Two lines in the data below mark the range: the one with "When you go" and the one with "18650 Battery, along". Return both, along with every line between them, exactly.

*** Begin section ***

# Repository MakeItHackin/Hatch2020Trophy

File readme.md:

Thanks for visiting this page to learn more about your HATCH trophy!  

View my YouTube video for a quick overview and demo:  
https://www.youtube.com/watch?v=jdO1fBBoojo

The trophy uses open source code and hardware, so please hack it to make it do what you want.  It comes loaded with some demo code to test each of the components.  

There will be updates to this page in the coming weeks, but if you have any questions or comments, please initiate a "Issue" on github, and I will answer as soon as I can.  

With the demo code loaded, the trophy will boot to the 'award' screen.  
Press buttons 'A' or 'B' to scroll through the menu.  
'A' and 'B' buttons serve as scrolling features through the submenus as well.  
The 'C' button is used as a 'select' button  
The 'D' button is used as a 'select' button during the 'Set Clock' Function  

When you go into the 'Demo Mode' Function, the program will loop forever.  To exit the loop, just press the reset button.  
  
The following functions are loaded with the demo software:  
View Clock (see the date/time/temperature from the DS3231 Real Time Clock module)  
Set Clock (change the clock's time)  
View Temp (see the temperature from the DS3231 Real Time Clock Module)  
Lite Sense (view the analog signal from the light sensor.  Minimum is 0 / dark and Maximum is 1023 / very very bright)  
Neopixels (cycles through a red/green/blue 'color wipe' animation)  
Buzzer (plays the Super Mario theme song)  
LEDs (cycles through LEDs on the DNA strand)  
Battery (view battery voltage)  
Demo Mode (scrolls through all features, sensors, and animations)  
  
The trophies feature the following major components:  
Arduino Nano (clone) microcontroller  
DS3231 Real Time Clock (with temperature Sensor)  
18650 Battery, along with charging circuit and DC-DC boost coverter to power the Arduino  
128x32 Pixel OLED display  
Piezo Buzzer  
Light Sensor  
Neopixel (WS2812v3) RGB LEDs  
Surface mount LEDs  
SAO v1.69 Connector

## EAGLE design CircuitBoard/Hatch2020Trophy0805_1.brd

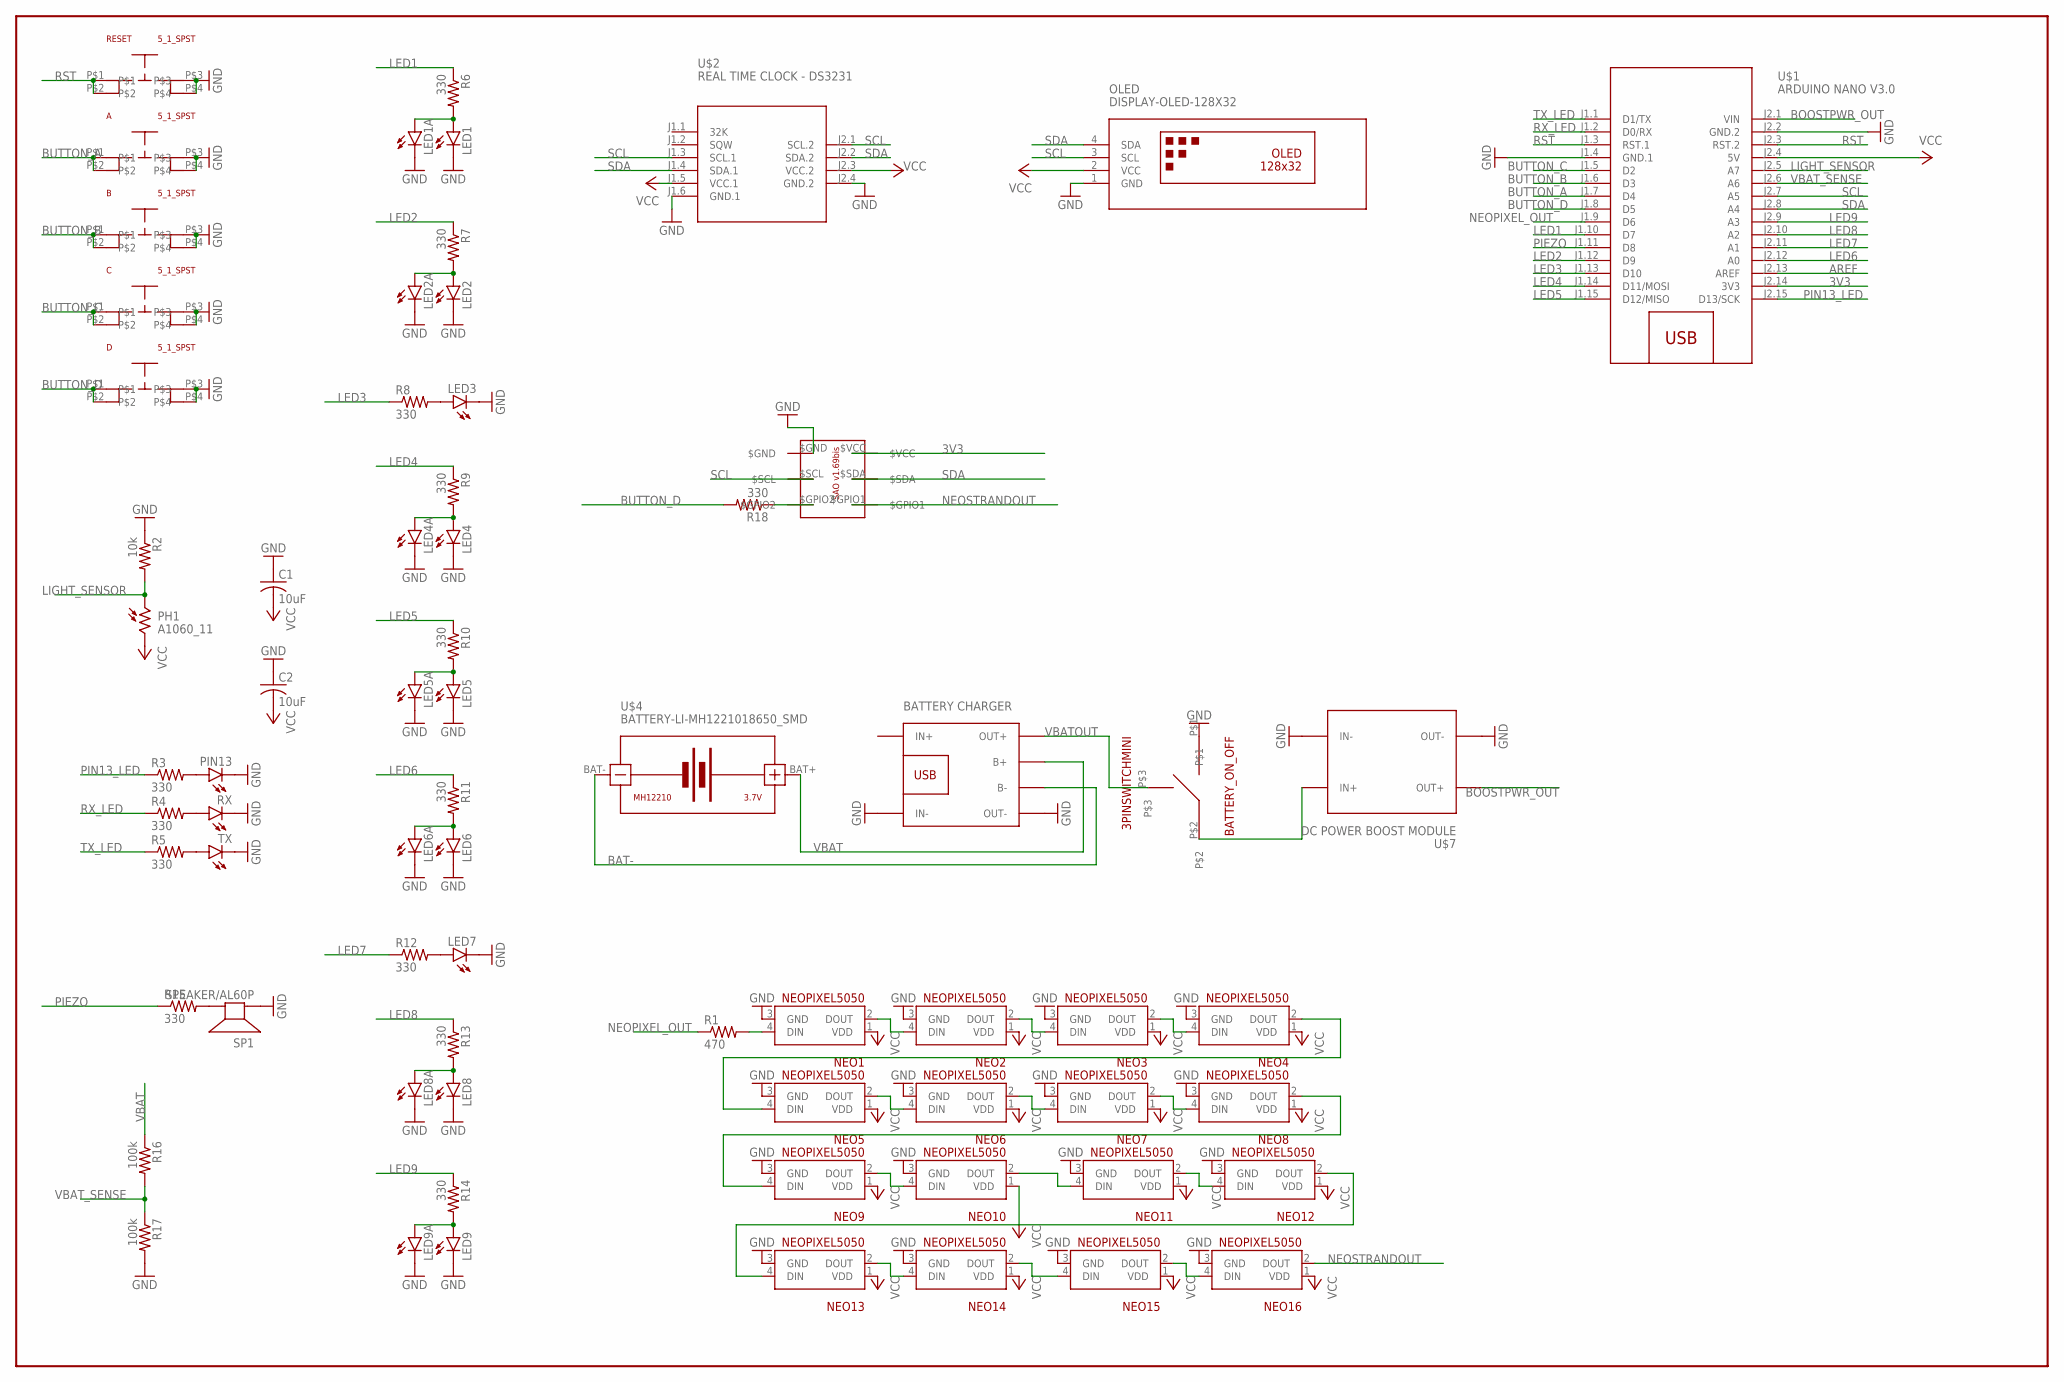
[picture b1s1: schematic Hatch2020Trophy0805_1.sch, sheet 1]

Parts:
A: 5_1_SPST
B: 5_1_SPST
BATTERY_ON_OFF: 3PINSWITCHMINI; 3PINMINI
C: 5_1_SPST
C1, C2: 10uF; C0805
D: 5_1_SPST
LED1, LED1A, LED2, LED2A, LED3, LED4, LED4A, LED5, LED5A, LED6, LED6A, LED7, LED8, LED8A, LED9, LED9A: LEDSML0805; SML0805
NEO1, NEO2, NEO3, NEO4, NEO5, NEO6, NEO7, NEO8, NEO9, NEO10, NEO11, NEO12, NEO13, NEO14, NEO15, NEO16: NEOPIXEL5050
OLED: DISPLAY-OLED-128X32
PH1: A1060_11; T0-46-A10XX
PIN13: LEDSML0805; SML0805
R1: 470; R0805
R2: 10k; R0805
R3, R4, R5, R6, R7, R8, R9, R10, R11, R12, R13, R14, R15: 330; R0805
R16, R17: 100k; R0805
R18: 330; R1206
RESET: 5_1_SPST
RX: LEDSML0805; SML0805
SP1: SPEAKER/AL60P; AL60P
TX: LEDSML0805; SML0805
U$1: ARDUINO NANO V3.0; ARDUINO-NANO-3.0
U$2: REAL TIME CLOCK - DS3231; RTC-DS3231-AT24C32
U$3: SAO-1.69; 2X3-SHROUDED-FEMALE
U$4: BATTERY-LI-MH1221018650_SMD; BATTERY_18650_SMD
U$6: BATTERY CHARGER; BAT_CHARGE_LOW_FP
U$7: DC POWER BOOST MODULE; DC-DC-STEP-UP-LOW_FP

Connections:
3V3: U$1.J2.14 (3V3), U$3.$VCC
AREF: U$1.J2.13 (AREF)
BAT-: U$4.BAT-, U$6.B-
BOOSTPWR_OUT: U$1.J2.1 (VIN), U$7.OUT+
BUTTON_A: A.P$1, A.P$2, U$1.J1.7 (D4)
BUTTON_B: B.P$1, B.P$2, U$1.J1.6 (D3)
BUTTON_C: C.P$1, C.P$2, U$1.J1.5 (D2)
BUTTON_D: D.P$1, D.P$2, R18.2, U$1.J1.8 (D5)
GND: A.P$3, A.P$4, B.P$3, B.P$4, BATTERY_ON_OFF.P$1, C.P$3, C.P$4, C1.1, C2.1, D.P$3, D.P$4, LED1.C, LED1A.C, LED2.C, LED2A.C, LED3.C, LED4.C, LED4A.C, LED5.C, LED5A.C, LED6.C, LED6A.C, LED7.C, LED8.C, LED8A.C, LED9.C, LED9A.C, NEO1.3 (GND), NEO2.3 (GND), NEO3.3 (GND), NEO4.3 (GND), NEO5.3 (GND), NEO6.3 (GND), NEO7.3 (GND), NEO8.3 (GND), NEO9.3 (GND), NEO10.3 (GND), NEO11.3 (GND), NEO12.3 (GND), NEO13.3 (GND), NEO14.3 (GND), NEO15.3 (GND), NEO16.3 (GND), OLED.1 (GND), PIN13.C, R2.1, R17.2, RESET.P$3, RESET.P$4, RX.C, SP1.1 (+), TX.C, U$1.J1.4 (GND.1), U$1.J2.2 (GND.2), U$2.J1.6 (GND.1), U$2.J2.4 (GND.2), U$3.$GND, U$6.IN-, U$6.OUT-, U$7.IN-, U$7.OUT-
LED1: R6.1, U$1.J1.10 (D7)
LED1W: LED1.A, LED1A.A, R6.2
LED2: R7.1, U$1.J1.12 (D9)
LED2W: LED2.A, LED2A.A, R7.2
LED3: R8.1, U$1.J1.13 (D10)
LED3W: LED3.A, R8.2
LED4: R9.1, U$1.J1.14 (D11/MOSI)
LED4W: LED4.A, LED4A.A, R9.2
LED5: R10.1, U$1.J1.15 (D12/MISO)
LED5W: LED5.A, LED5A.A, R10.2
LED6: R11.1, U$1.J2.12 (A0)
LED6W: LED6.A, LED6A.A, R11.2
LED7: R12.1, U$1.J2.11 (A1)
LED7W: LED7.A, R12.2
LED8: R13.1, U$1.J2.10 (A2)
LED8W: LED8.A, LED8A.A, R13.2
LED9: R14.1, U$1.J2.9 (A3)
LED9W: LED9.A, LED9A.A, R14.2
LIGHT_SENSOR: PH1.1, R2.2, U$1.J2.5 (A7)
unnamed: NEO13.2 (DOUT), NEO14.4 (DIN)
unnamed: NEO11.2 (DOUT), NEO12.4 (DIN)
unnamed: NEO12.2 (DOUT), NEO13.4 (DIN)
unnamed: NEO14.2 (DOUT), NEO15.4 (DIN)
unnamed: NEO15.2 (DOUT), NEO16.4 (DIN)
unnamed: R15.2, SP1.2 (-)
unnamed: R18.1, U$3.$GPIO2
unnamed: NEO4.2 (DOUT), NEO5.4 (DIN)
unnamed: NEO1.4 (DIN), R1.2
unnamed: NEO8.2 (DOUT), NEO9.4 (DIN)
unnamed: PIN13.A, R3.2
unnamed: R4.2, RX.A
unnamed: R5.2, TX.A
unnamed: NEO1.2 (DOUT), NEO2.4 (DIN)
unnamed: NEO2.2 (DOUT), NEO3.4 (DIN)
unnamed: NEO3.2 (DOUT), NEO4.4 (DIN)
unnamed: NEO5.2 (DOUT), NEO6.4 (DIN)
unnamed: NEO6.2 (DOUT), NEO7.4 (DIN)
unnamed: NEO7.2 (DOUT), NEO8.4 (DIN)
unnamed: NEO9.2 (DOUT), NEO10.4 (DIN)
unnamed: NEO10.2 (DOUT), NEO11.4 (DIN)
NEOPIXEL_OUT: R1.1, U$1.J1.9 (D6)
NEOSTRANDOUT: NEO16.2 (DOUT), U$3.$GPIO1
PIEZO: R15.1, U$1.J1.11 (D8)
PIN13_LED: R3.1, U$1.J2.15 (D13/SCK)
RST: RESET.P$1, RESET.P$2, U$1.J1.3 (RST.1), U$1.J2.3 (RST.2)
RX_LED: R4.1, U$1.J1.2 (D0/RX)
SCL: OLED.3 (SCL), U$1.J2.7 (A5), U$2.J1.3 (SCL.1), U$2.J2.1 (SCL.2), U$3.$SCL
SDA: OLED.4 (SDA), U$1.J2.8 (A4), U$2.J1.4 (SDA.1), U$2.J2.2 (SDA.2), U$3.$SDA
TX_LED: R5.1, U$1.J1.1 (D1/TX)
VBAT: R16.1, U$4.BAT+, U$6.B+
VBATOUT: BATTERY_ON_OFF.P$3, U$6.OUT+
VBAT_SENSE: R16.2, R17.1, U$1.J2.6 (A6)
VBOOST_IN: BATTERY_ON_OFF.P$2, U$7.IN+
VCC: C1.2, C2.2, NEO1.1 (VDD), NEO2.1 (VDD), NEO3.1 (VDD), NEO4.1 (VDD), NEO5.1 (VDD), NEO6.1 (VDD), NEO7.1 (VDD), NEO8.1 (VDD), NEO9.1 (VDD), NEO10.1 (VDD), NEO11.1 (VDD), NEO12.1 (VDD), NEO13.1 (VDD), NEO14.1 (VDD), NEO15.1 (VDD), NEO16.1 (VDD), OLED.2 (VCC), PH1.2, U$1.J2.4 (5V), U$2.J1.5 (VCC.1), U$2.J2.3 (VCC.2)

*** End section ***

#### TASK RESPONSE:
When you go into the 'Demo Mode' Function, the program will loop forever.  To exit the loop, just press the reset button.  
  
The following functions are loaded with the demo software:  
View Clock (see the date/time/temperature from the DS3231 Real Time Clock module)  
Set Clock (change the clock's time)  
View Temp (see the temperature from the DS3231 Real Time Clock Module)  
Lite Sense (view the analog signal from the light sensor.  Minimum is 0 / dark and Maximum is 1023 / very very bright)  
Neopixels (cycles through a red/green/blue 'color wipe' animation)  
Buzzer (plays the Super Mario theme song)  
LEDs (cycles through LEDs on the DNA strand)  
Battery (view battery voltage)  
Demo Mode (scrolls through all features, sensors, and animations)  
  
The trophies feature the following major components:  
Arduino Nano (clone) microcontroller  
DS3231 Real Time Clock (with temperature Sensor)  
18650 Battery, along with charging circuit and DC-DC boost coverter to power the Arduino  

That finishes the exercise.